# Bolero 630PR - info fast to save price increase



## 92914 (May 1, 2005)

Please help! Currently have a Swift Sundance 580PR (2006) wanting to update/upgrade and have seen the Bolero. Unfortunately we are unable to view the model which we would want as there doesn't appear to be any where we have phoned. We want the Bolero 630PR but how do we know if we can't see one apart from on the web or brochures. We love the quality of the Bolero's we have seen but am afraid to invest without having a bit more insight to the layout. As we have been told there is a 10% price increase on the 1st september,   we have to act in the next week or two to save ourselves another £4000. also a bit worried about the potential shudder from the new engines but I know this is covered in another topic.
Can anyone give us a bit more info that our dealer can't eg. where is the step up in the seating area? What about the headroom where the floor is raised - hubbie 5ft 11in? Do both cab seats swivel? Does anyone in Scotland have one which we could see.
Would be grateful for any advice, information you can offer
thanks


----------



## denzil53 (Sep 25, 2007)

Hi Frankie 

Have bought this summer the Bessacarr E540, which is the same model as the Bolero, although we have an end washroom. 

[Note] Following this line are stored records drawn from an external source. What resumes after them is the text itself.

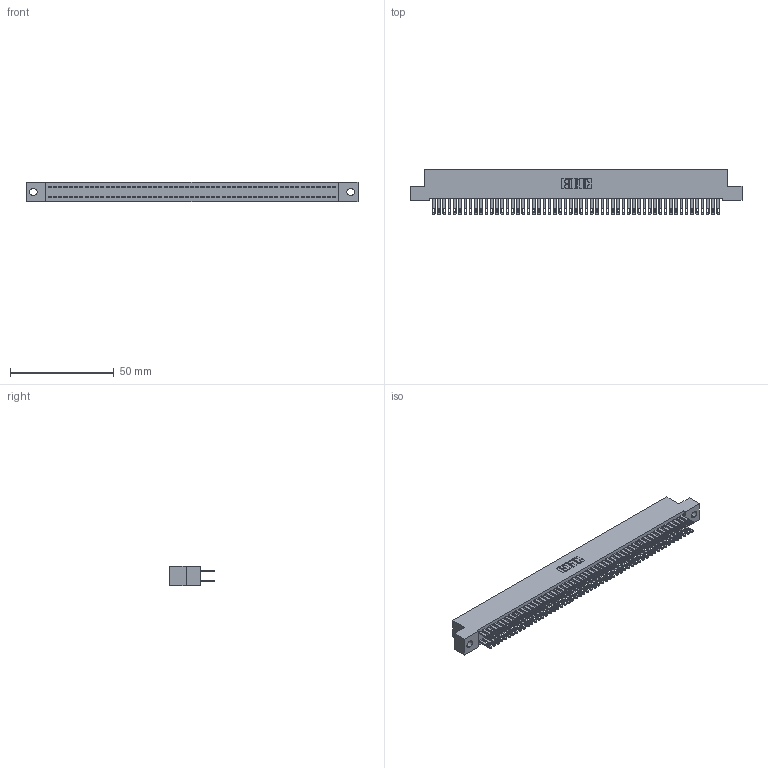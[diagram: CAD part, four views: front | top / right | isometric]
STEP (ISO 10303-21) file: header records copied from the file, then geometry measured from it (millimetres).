
FILE_DESCRIPTION (( 'STEP AP203' ), '1' );
FILE_NAME ('342-110-500-202.STEP', '2019-10-04T20:06:45', ( '' ), ( '' ), 'SwSTEP 2.0', 'SolidWorks 2016', '' );
FILE_SCHEMA (( 'CONFIG_CONTROL_DESIGN' ));
Length unit declared in the file: inch
Products named in the file (3): 345-292-001_345-293-100; 342-110-500-202; 342 Part_.128 Slot
Assembly tree (111 placements, depth 2):
  342-110-500-202
    342 Part_.128 Slot
    345-292-001_345-293-100  x110
Bounding box: 160.02 x 21.85 x 9.4 mm (x, y, z)
Volume: 14723.3 mm3; surface area: 25098.9 mm2
Topology: 111 solids, 111 shells, 5394 faces, 16481 edges, 10986 vertices
Faces by surface type: plane 3370, cylinder 2024
Entity records: 33635 total; most frequent: CARTESIAN_POINT 5558, ORIENTED_EDGE 5494, DIRECTION 4727, EDGE_CURVE 2747, LINE 2615, VECTOR 2615, VERTEX_POINT 1830, AXIS2_PLACEMENT_3D 1056
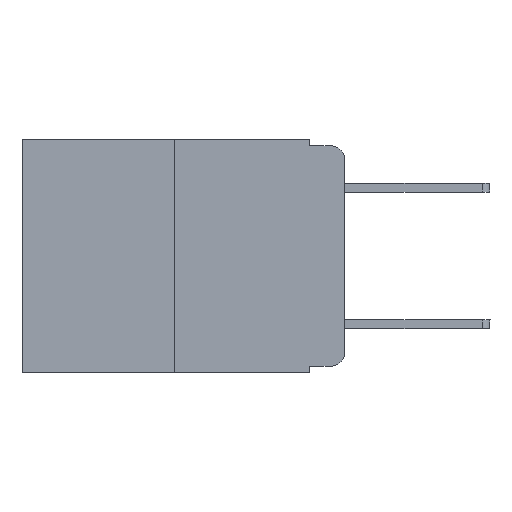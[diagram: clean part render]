
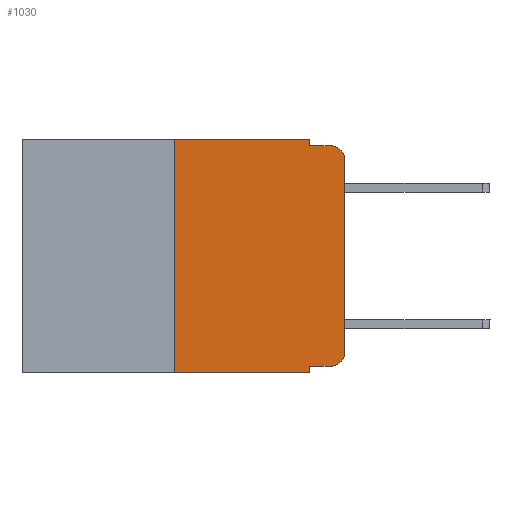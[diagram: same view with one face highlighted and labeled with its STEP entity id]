
A CAD part, left-side view. The second image highlights one B-rep face of the part: STEP entity #1030.
In plain terms, the highlighted planar face has unit normal (-1, 0, 0).
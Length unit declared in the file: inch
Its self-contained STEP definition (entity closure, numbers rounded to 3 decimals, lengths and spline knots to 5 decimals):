
#46 = ORIENTED_EDGE ( 'NONE', *, *, #2297, .F. ) ;
#330 = LINE ( 'NONE', #5017, #1607 ) ;
#556 = CARTESIAN_POINT ( 'NONE',  ( 0., 0.051, -0.01 ) ) ;
#705 = EDGE_CURVE ( 'NONE', #1980, #6303, #885, .T. ) ;
#750 = VERTEX_POINT ( 'NONE', #1257 ) ;
#834 = VERTEX_POINT ( 'NONE', #6880 ) ;
#885 = LINE ( 'NONE', #6697, #4062 ) ;
#1030 = ADVANCED_FACE ( 'NONE', ( #10527 ), #10464, .F. ) ;
#1032 = AXIS2_PLACEMENT_3D ( 'NONE', #9316, #10311, #4311 ) ;
#1257 = CARTESIAN_POINT ( 'NONE',  ( 0., 0.02, -0.333 ) ) ;
#1434 = CIRCLE ( 'NONE', #1032, 0.02 ) ;
#1502 = CARTESIAN_POINT ( 'NONE',  ( 0., 0.051, 0. ) ) ;
#1607 = VECTOR ( 'NONE', #10873, 39.37008 ) ;
#1779 = EDGE_CURVE ( 'NONE', #7100, #750, #5444, .T. ) ;
#1841 = CARTESIAN_POINT ( 'NONE',  ( 0., 0., -0.313 ) ) ;
#1980 = VERTEX_POINT ( 'NONE', #1841 ) ;
#1997 = ORIENTED_EDGE ( 'NONE', *, *, #7398, .T. ) ;
#2119 = VERTEX_POINT ( 'NONE', #10906 ) ;
#2297 = EDGE_CURVE ( 'NONE', #834, #4312, #12110, .T. ) ;
#2433 = ORIENTED_EDGE ( 'NONE', *, *, #705, .T. ) ;
#2650 = CARTESIAN_POINT ( 'NONE',  ( 0., 0.25, 0. ) ) ;
#2905 = CARTESIAN_POINT ( 'NONE',  ( 0., 0.02, -0.01 ) ) ;
#3051 = ORIENTED_EDGE ( 'NONE', *, *, #11035, .F. ) ;
#3229 = VECTOR ( 'NONE', #9982, 39.37008 ) ;
#3463 = VERTEX_POINT ( 'NONE', #2650 ) ;
#3652 = ORIENTED_EDGE ( 'NONE', *, *, #10896, .T. ) ;
#3774 = CARTESIAN_POINT ( 'NONE',  ( 0., 0.473, 0. ) ) ;
#3860 = DIRECTION ( 'NONE',  ( 0., 0., 1. ) ) ;
#3889 = CARTESIAN_POINT ( 'NONE',  ( 0., 0.051, -0.333 ) ) ;
#3891 = DIRECTION ( 'NONE',  ( 0., -1., 0. ) ) ;
#4062 = VECTOR ( 'NONE', #3860, 39.37008 ) ;
#4174 = EDGE_LOOP ( 'NONE', ( #2433, #1997, #46, #6328, #3051, #10225, #6319, #7325, #8038, #3652 ) ) ;
#4311 = DIRECTION ( 'NONE',  ( 0., 0., -1. ) ) ;
#4312 = VERTEX_POINT ( 'NONE', #2905 ) ;
#4550 = AXIS2_PLACEMENT_3D ( 'NONE', #6561, #9532, #11468 ) ;
#4933 = VECTOR ( 'NONE', #9089, 39.37008 ) ;
#5017 = CARTESIAN_POINT ( 'NONE',  ( 0., 0.25, 0. ) ) ;
#5444 = LINE ( 'NONE', #7456, #7537 ) ;
#5599 = DIRECTION ( 'NONE',  ( -1., 0., 0. ) ) ;
#5911 = EDGE_CURVE ( 'NONE', #6720, #3463, #330, .T. ) ;
#6112 = VECTOR ( 'NONE', #3891, 39.37008 ) ;
#6303 = VERTEX_POINT ( 'NONE', #10797 ) ;
#6319 = ORIENTED_EDGE ( 'NONE', *, *, #8238, .T. ) ;
#6328 = ORIENTED_EDGE ( 'NONE', *, *, #12132, .F. ) ;
#6561 = CARTESIAN_POINT ( 'NONE',  ( 0., 0.473, 0. ) ) ;
#6697 = CARTESIAN_POINT ( 'NONE',  ( 0., 0., 0. ) ) ;
#6720 = VERTEX_POINT ( 'NONE', #10524 ) ;
#6880 = CARTESIAN_POINT ( 'NONE',  ( 0., 0.051, -0.01 ) ) ;
#6919 = AXIS2_PLACEMENT_3D ( 'NONE', #12089, #5599, #9457 ) ;
#7100 = VERTEX_POINT ( 'NONE', #3889 ) ;
#7268 = DIRECTION ( 'NONE',  ( 0., -1., 0. ) ) ;
#7318 = LINE ( 'NONE', #12109, #4933 ) ;
#7325 = ORIENTED_EDGE ( 'NONE', *, *, #9099, .F. ) ;
#7398 = EDGE_CURVE ( 'NONE', #6303, #4312, #1434, .T. ) ;
#7453 = CARTESIAN_POINT ( 'NONE',  ( 0., 0.051, -0.343 ) ) ;
#7456 = CARTESIAN_POINT ( 'NONE',  ( 0., 0.051, -0.333 ) ) ;
#7537 = VECTOR ( 'NONE', #7268, 39.37008 ) ;
#7972 = VERTEX_POINT ( 'NONE', #7453 ) ;
#8038 = ORIENTED_EDGE ( 'NONE', *, *, #1779, .T. ) ;
#8140 = CARTESIAN_POINT ( 'NONE',  ( 0., 0.473, -0.343 ) ) ;
#8238 = EDGE_CURVE ( 'NONE', #6720, #7972, #10096, .T. ) ;
#8574 = LINE ( 'NONE', #3774, #6112 ) ;
#9089 = DIRECTION ( 'NONE',  ( 0., 0., -1. ) ) ;
#9099 = EDGE_CURVE ( 'NONE', #7100, #7972, #12290, .T. ) ;
#9284 = VECTOR ( 'NONE', #11227, 39.37008 ) ;
#9316 = CARTESIAN_POINT ( 'NONE',  ( 0., 0.02, -0.03 ) ) ;
#9457 = DIRECTION ( 'NONE',  ( 0., 0., -1. ) ) ;
#9532 = DIRECTION ( 'NONE',  ( 1., 0., 0. ) ) ;
#9982 = DIRECTION ( 'NONE',  ( 0., -1., 0. ) ) ;
#10096 = LINE ( 'NONE', #8140, #3229 ) ;
#10225 = ORIENTED_EDGE ( 'NONE', *, *, #5911, .F. ) ;
#10311 = DIRECTION ( 'NONE',  ( -1., 0., 0. ) ) ;
#10464 = PLANE ( 'NONE',  #4550 ) ;
#10524 = CARTESIAN_POINT ( 'NONE',  ( 0., 0.25, -0.343 ) ) ;
#10527 = FACE_OUTER_BOUND ( 'NONE', #4174, .T. ) ;
#10797 = CARTESIAN_POINT ( 'NONE',  ( 0., 0., -0.03 ) ) ;
#10873 = DIRECTION ( 'NONE',  ( 0., 0., 1. ) ) ;
#10896 = EDGE_CURVE ( 'NONE', #750, #1980, #10931, .T. ) ;
#10906 = CARTESIAN_POINT ( 'NONE',  ( 0., 0.051, 0. ) ) ;
#10931 = CIRCLE ( 'NONE', #6919, 0.02 ) ;
#11035 = EDGE_CURVE ( 'NONE', #3463, #2119, #8574, .T. ) ;
#11227 = DIRECTION ( 'NONE',  ( 0., -1., 0. ) ) ;
#11343 = DIRECTION ( 'NONE',  ( 0., 0., -1. ) ) ;
#11468 = DIRECTION ( 'NONE',  ( 0., 0., -1. ) ) ;
#12089 = CARTESIAN_POINT ( 'NONE',  ( 0., 0.02, -0.313 ) ) ;
#12109 = CARTESIAN_POINT ( 'NONE',  ( 0., 0.051, 0. ) ) ;
#12110 = LINE ( 'NONE', #556, #9284 ) ;
#12112 = VECTOR ( 'NONE', #11343, 39.37008 ) ;
#12132 = EDGE_CURVE ( 'NONE', #2119, #834, #7318, .T. ) ;
#12290 = LINE ( 'NONE', #1502, #12112 ) ;

We are very impressed with our purchase and have already covered 3000 miles around the UK and France. The engine and 6-speed gearbox are great and I would have no qualms about recommending it. This is the Fiat Ducato 130. 

The step up/down is between the settees and the kitchen area, and yes, it has caught us out a few times, but it's not a problem. The headroom is fine, I'm 5-11 too. Both front seats swivel in our model. 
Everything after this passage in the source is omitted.